Work instruction: Only lines containing "symbol" belong in the answer, each copied from the entries below.

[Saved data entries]
- Opening Delimiter -

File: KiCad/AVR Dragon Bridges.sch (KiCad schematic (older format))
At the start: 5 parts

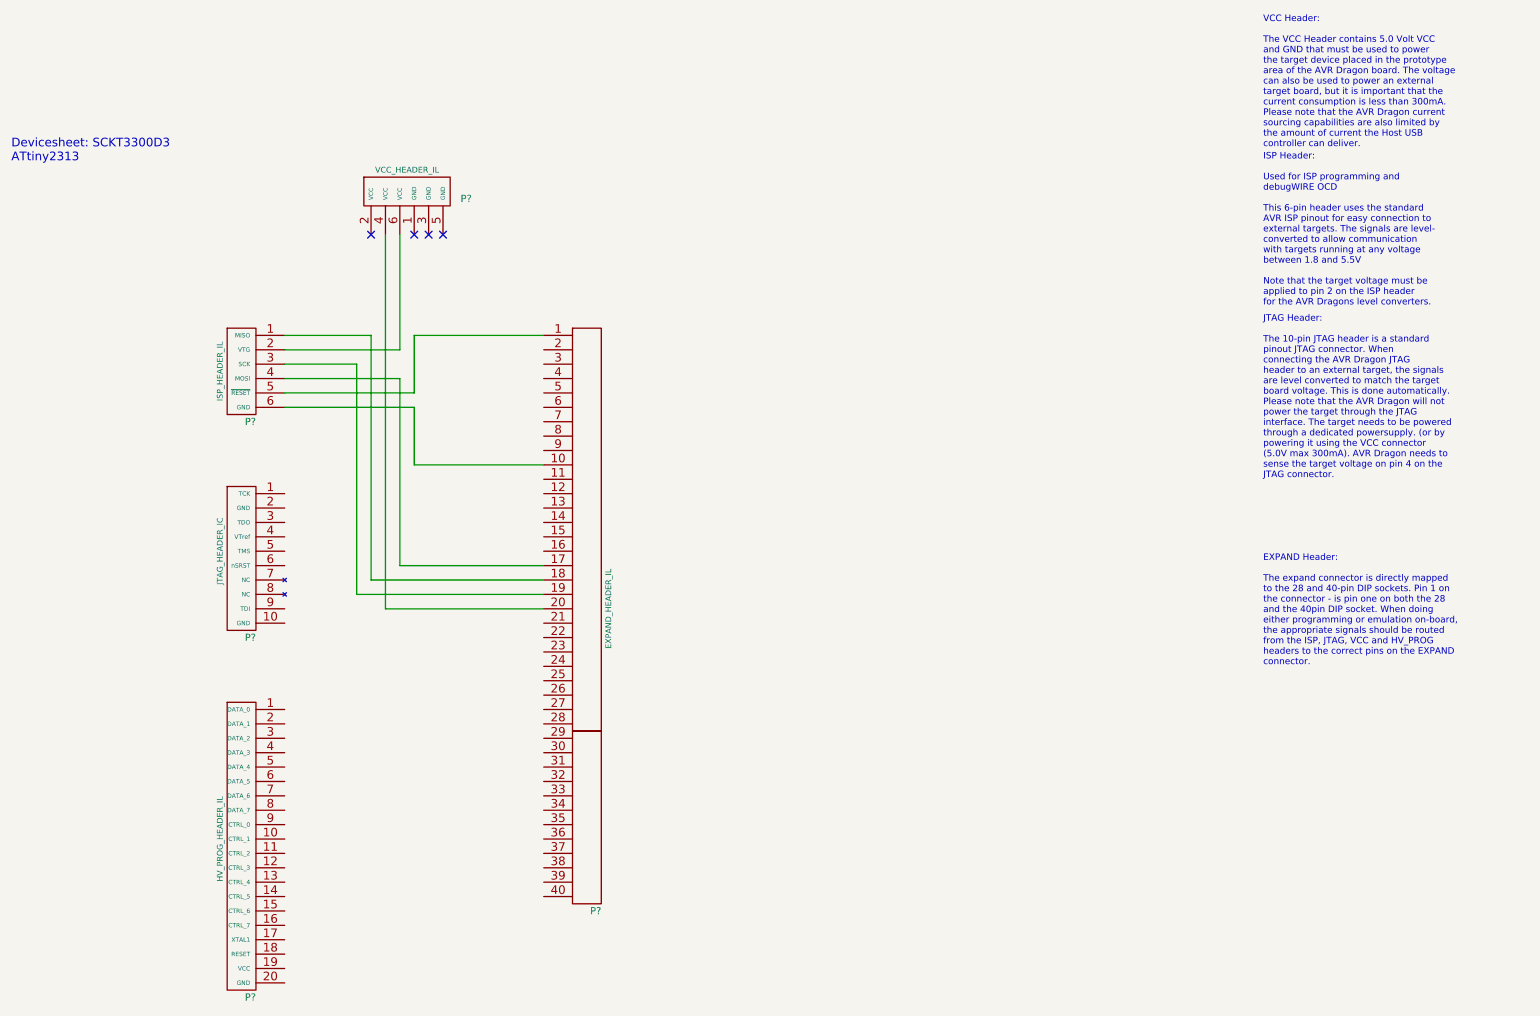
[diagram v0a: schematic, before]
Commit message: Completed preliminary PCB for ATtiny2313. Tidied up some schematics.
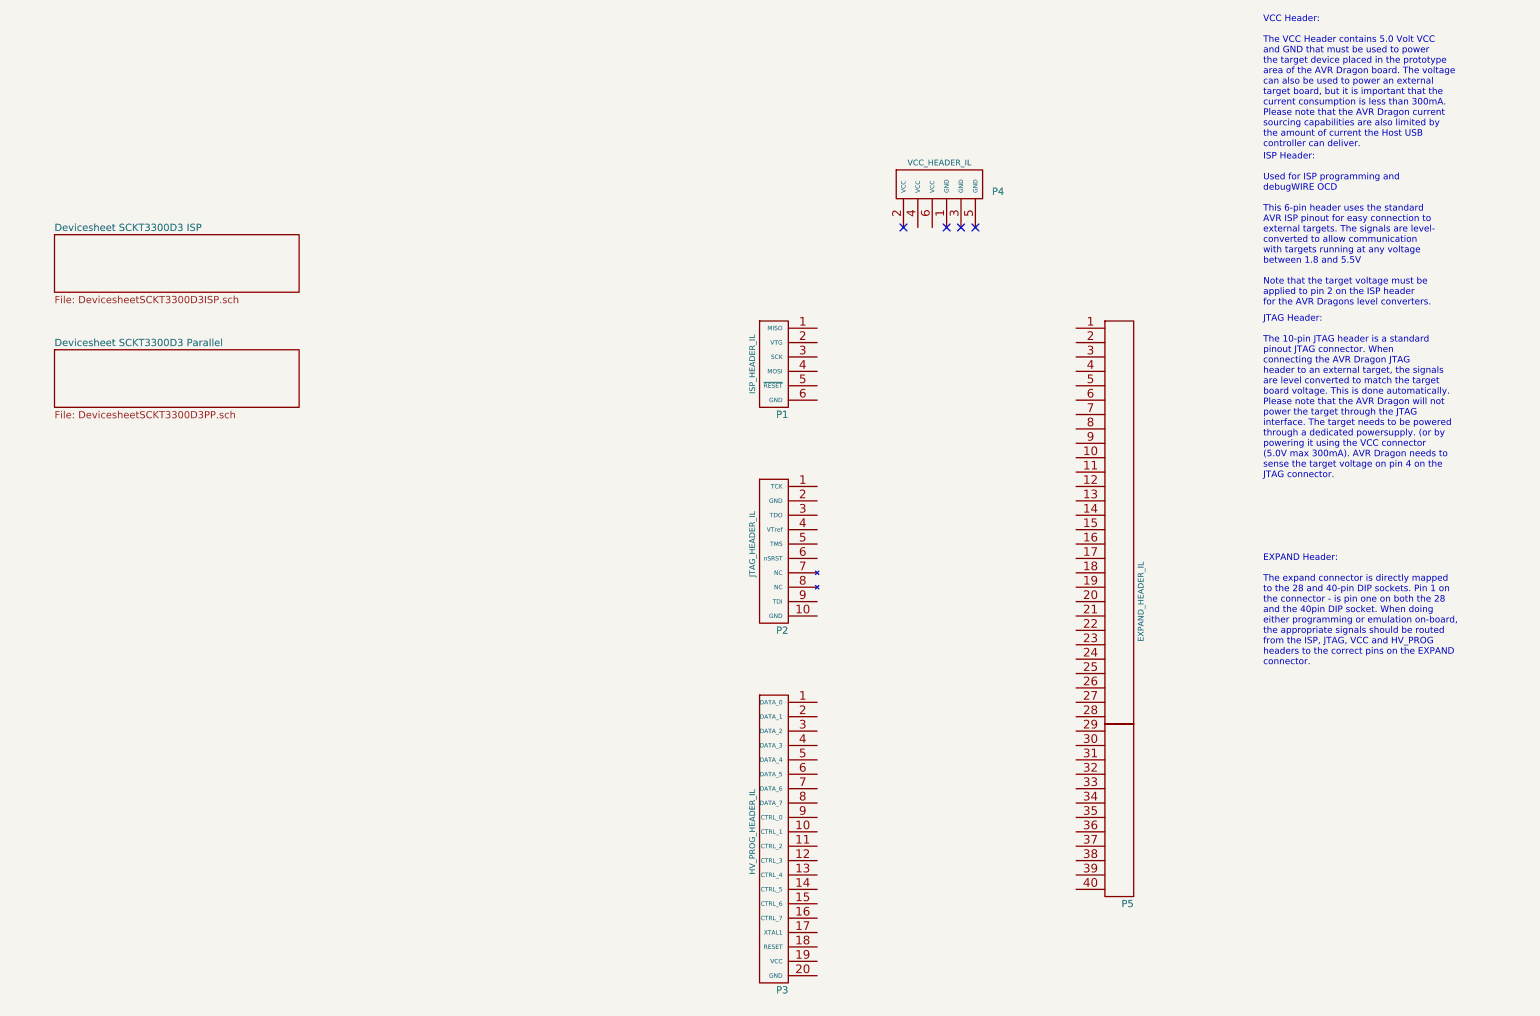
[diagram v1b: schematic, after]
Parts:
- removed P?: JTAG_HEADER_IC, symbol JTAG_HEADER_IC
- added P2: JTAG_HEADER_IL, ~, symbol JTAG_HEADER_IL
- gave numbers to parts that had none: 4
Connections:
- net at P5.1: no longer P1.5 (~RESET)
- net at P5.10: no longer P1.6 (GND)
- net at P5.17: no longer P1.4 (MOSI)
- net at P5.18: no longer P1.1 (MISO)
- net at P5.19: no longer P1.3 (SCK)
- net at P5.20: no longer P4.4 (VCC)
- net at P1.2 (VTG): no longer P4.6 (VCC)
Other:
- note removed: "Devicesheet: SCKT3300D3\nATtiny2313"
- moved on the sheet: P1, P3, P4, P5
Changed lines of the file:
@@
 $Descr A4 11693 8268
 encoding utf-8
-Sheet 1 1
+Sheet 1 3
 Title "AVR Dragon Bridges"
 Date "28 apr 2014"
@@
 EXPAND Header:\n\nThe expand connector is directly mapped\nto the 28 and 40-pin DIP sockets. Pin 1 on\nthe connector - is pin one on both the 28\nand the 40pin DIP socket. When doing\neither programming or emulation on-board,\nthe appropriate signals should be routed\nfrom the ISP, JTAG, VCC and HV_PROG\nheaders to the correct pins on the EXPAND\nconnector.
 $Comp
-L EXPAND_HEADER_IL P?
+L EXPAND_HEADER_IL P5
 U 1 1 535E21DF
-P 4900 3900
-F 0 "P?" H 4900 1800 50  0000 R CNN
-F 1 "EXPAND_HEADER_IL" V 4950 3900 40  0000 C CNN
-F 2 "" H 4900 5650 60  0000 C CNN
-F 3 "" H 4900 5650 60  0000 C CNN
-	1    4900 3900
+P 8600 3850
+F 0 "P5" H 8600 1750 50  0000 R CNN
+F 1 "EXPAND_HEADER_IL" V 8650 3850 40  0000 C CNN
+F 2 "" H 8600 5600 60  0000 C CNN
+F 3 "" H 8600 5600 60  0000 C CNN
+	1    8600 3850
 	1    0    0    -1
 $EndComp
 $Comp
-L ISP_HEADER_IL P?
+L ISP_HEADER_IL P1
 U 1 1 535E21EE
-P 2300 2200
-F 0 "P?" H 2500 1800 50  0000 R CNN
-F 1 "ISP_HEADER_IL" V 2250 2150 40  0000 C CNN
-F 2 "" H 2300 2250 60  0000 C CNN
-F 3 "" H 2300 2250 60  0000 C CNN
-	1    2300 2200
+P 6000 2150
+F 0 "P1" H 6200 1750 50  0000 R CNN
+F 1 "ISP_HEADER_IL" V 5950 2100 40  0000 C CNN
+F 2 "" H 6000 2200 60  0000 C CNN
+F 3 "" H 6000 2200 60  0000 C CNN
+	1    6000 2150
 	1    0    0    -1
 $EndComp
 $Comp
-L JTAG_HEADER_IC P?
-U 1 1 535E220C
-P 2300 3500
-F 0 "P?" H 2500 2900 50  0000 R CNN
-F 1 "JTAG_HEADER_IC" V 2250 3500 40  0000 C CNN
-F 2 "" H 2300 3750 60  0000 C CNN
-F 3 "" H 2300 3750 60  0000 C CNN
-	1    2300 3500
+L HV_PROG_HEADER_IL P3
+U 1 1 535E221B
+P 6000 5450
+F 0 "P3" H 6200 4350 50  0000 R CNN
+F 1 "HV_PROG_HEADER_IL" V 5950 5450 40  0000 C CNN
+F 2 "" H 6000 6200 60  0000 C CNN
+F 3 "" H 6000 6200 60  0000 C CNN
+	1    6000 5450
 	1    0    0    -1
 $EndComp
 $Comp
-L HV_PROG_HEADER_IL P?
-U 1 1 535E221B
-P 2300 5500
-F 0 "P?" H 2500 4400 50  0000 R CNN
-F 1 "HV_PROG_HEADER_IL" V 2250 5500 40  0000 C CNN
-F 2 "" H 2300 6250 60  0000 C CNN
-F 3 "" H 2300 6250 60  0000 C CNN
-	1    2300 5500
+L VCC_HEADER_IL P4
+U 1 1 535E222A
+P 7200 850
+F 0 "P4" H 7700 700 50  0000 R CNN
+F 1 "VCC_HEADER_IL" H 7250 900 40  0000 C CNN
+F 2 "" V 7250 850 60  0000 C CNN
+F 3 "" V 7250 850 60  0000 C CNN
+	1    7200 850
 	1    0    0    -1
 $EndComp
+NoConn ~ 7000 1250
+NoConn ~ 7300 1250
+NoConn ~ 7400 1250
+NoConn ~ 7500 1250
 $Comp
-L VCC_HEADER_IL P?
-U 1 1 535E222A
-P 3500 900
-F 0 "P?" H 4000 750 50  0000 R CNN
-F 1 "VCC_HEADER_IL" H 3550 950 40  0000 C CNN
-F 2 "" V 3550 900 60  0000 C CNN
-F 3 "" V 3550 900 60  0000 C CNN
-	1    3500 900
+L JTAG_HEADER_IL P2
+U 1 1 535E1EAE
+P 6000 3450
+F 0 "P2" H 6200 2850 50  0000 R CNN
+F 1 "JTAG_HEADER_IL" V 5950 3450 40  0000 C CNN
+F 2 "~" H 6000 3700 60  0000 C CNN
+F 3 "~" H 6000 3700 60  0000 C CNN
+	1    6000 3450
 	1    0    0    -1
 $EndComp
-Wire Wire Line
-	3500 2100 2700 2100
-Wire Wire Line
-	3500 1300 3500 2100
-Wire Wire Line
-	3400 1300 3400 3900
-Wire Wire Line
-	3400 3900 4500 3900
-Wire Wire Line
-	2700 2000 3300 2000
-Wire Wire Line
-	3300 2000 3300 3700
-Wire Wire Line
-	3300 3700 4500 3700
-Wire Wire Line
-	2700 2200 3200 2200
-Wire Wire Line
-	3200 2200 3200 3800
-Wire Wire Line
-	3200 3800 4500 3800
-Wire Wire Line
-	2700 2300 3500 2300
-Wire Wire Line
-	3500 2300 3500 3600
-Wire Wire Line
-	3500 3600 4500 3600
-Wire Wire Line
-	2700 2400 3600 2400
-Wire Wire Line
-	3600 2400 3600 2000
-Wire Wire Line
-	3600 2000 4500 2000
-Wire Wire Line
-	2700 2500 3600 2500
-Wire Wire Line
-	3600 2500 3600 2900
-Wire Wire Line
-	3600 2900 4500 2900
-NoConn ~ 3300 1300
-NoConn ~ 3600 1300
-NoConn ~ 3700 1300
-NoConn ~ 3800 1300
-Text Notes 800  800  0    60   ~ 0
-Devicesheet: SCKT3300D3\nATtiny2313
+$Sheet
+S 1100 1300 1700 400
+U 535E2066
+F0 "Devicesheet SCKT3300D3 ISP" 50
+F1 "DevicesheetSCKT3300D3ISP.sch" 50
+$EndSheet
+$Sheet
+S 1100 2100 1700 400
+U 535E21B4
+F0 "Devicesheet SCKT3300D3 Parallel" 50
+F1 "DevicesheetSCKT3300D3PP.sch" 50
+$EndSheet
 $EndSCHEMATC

- Closing Delimiter -

Answer to this exercise:
- removed P?: JTAG_HEADER_IC, symbol JTAG_HEADER_IC
- added P2: JTAG_HEADER_IL, ~, symbol JTAG_HEADER_IL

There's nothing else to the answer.